Update: I did contact Atmel, this was keeping me up nights. They're looking for an ATmega328P to test the code on :astonished: In the meantime, in reading datasheets for other ATmega MCUs, I see that some explicitly state that edge-triggered interrupts are detected asynchronously without the I/O clock, and so will wake the MCU from power-down. Depending on the MCU, this does not necessarily apply to all external interrupts.

So this may be a documentation issue. I hope so because I like the ability to wake the MCU with edge-triggered interrupts.

I also experimented with a couple ATtinys (45, 84) and edge-triggered interrupts do not wake the MCU from power-down, but this behavior matches their datasheets.

Should be interesting. Hope to have more soon.

Perhaps they should contact the supplier. :stuck_out_tongue:

Request a free sample? See if it makes it past the sample-approvers.

explicitly state that edge-triggered interrupts are detected asynchronously without the I/O clock, and so will wake the MCU from power-down.

I believe this is usually done using an edge-triggered flip-flop that does not have a connection from the system clock, so it will trigger at any time at all, and hold its output until reset - usually by the ISR clearing it in s.w.

Jack, I like your code [will try it myself since I am setting up some battery-operated nodes], but FWIW, I don't think this would work properly with Mega chips, for reasons brought out on other threads recently [ie, interrupts being remapped on those chips],

    EIMSK = _BV(INT1);             //enable INT1

oric_dan:
Jack, I like your code [will try it myself since I am setting up some battery-operated nodes], but FWIW, I don't think this would work properly with Mega chips, for reasons brought out on other threads recently [ie, interrupts being remapped on those chips],

    EIMSK = _BV(INT1);             //enable INT1

@oric_dan, give me a little more on that please, or maybe links to some of those other threads, I'm not following...

Check reply #2, etc,
http://forum.arduino.cc/index.php?topic=187600.0

See also the final note on Nick's page,

Reply #8 on Sat 27 Jul 2013 12:41 AM (UTC)
Interrupt names to pin mappings

Ah OK, thanks. I wasn't concerned with portability between MCUs or pin mapping. I'm strictly working with the 328P. For whatever reason, I never much got into using Arduino's interrupt functions, I prefer to just code the ISRs and set the registers as needed.

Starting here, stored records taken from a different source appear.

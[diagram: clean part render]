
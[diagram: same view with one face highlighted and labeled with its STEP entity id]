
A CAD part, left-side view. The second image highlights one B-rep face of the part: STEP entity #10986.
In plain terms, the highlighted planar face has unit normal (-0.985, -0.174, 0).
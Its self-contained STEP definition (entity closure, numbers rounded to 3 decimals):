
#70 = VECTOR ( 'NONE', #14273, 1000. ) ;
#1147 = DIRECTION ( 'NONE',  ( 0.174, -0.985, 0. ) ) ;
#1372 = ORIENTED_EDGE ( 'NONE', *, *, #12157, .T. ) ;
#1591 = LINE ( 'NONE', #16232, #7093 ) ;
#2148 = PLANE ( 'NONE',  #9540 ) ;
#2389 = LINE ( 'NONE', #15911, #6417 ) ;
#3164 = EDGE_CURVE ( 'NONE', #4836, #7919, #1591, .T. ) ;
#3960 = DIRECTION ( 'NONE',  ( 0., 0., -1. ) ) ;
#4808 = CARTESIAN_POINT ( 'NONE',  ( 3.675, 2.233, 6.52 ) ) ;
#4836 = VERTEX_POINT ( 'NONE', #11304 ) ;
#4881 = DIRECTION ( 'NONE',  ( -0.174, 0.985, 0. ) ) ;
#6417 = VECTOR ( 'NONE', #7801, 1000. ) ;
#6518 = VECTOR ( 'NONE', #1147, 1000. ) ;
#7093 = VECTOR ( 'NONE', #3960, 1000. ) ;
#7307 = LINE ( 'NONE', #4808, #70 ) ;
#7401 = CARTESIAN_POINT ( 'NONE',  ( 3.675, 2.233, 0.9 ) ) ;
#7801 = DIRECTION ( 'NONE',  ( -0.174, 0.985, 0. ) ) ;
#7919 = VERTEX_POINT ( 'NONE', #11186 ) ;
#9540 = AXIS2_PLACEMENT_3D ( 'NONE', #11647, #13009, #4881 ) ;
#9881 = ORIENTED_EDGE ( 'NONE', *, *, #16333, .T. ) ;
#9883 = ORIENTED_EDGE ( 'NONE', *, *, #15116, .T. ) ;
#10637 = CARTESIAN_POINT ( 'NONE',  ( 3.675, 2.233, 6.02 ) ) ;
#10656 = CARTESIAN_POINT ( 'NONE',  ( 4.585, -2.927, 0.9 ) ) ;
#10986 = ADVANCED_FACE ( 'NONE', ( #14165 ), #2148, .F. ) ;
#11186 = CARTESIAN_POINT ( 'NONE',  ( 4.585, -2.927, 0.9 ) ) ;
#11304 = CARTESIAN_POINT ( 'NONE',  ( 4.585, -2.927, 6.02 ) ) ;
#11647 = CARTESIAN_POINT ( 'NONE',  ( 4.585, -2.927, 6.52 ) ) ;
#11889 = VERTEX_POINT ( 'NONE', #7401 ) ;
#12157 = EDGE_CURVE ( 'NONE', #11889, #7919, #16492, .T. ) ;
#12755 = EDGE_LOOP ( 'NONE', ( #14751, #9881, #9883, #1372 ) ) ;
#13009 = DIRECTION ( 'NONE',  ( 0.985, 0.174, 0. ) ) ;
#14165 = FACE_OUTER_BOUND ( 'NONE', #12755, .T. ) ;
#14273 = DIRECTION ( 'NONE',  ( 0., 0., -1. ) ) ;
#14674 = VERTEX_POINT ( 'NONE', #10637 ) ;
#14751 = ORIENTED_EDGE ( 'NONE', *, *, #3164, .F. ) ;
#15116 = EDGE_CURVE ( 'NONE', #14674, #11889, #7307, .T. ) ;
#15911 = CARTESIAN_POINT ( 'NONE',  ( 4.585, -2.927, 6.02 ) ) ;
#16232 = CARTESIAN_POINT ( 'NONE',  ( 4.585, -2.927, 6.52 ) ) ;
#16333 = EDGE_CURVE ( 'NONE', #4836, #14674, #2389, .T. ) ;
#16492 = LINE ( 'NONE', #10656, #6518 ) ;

I you do try that code, I'd be very interested in your results. Nick was able to duplicate my results, and I have informed Atmel that my results were independently verified by one person, but the more the merrier. Thanks!

Yeah, I just thought I'd mention it. If I saw your sketch, and I were using a Mega board, I'd immediately try it of course, since Arduino code is reputed to be so "transportable" across processors, lol. Now, back to work.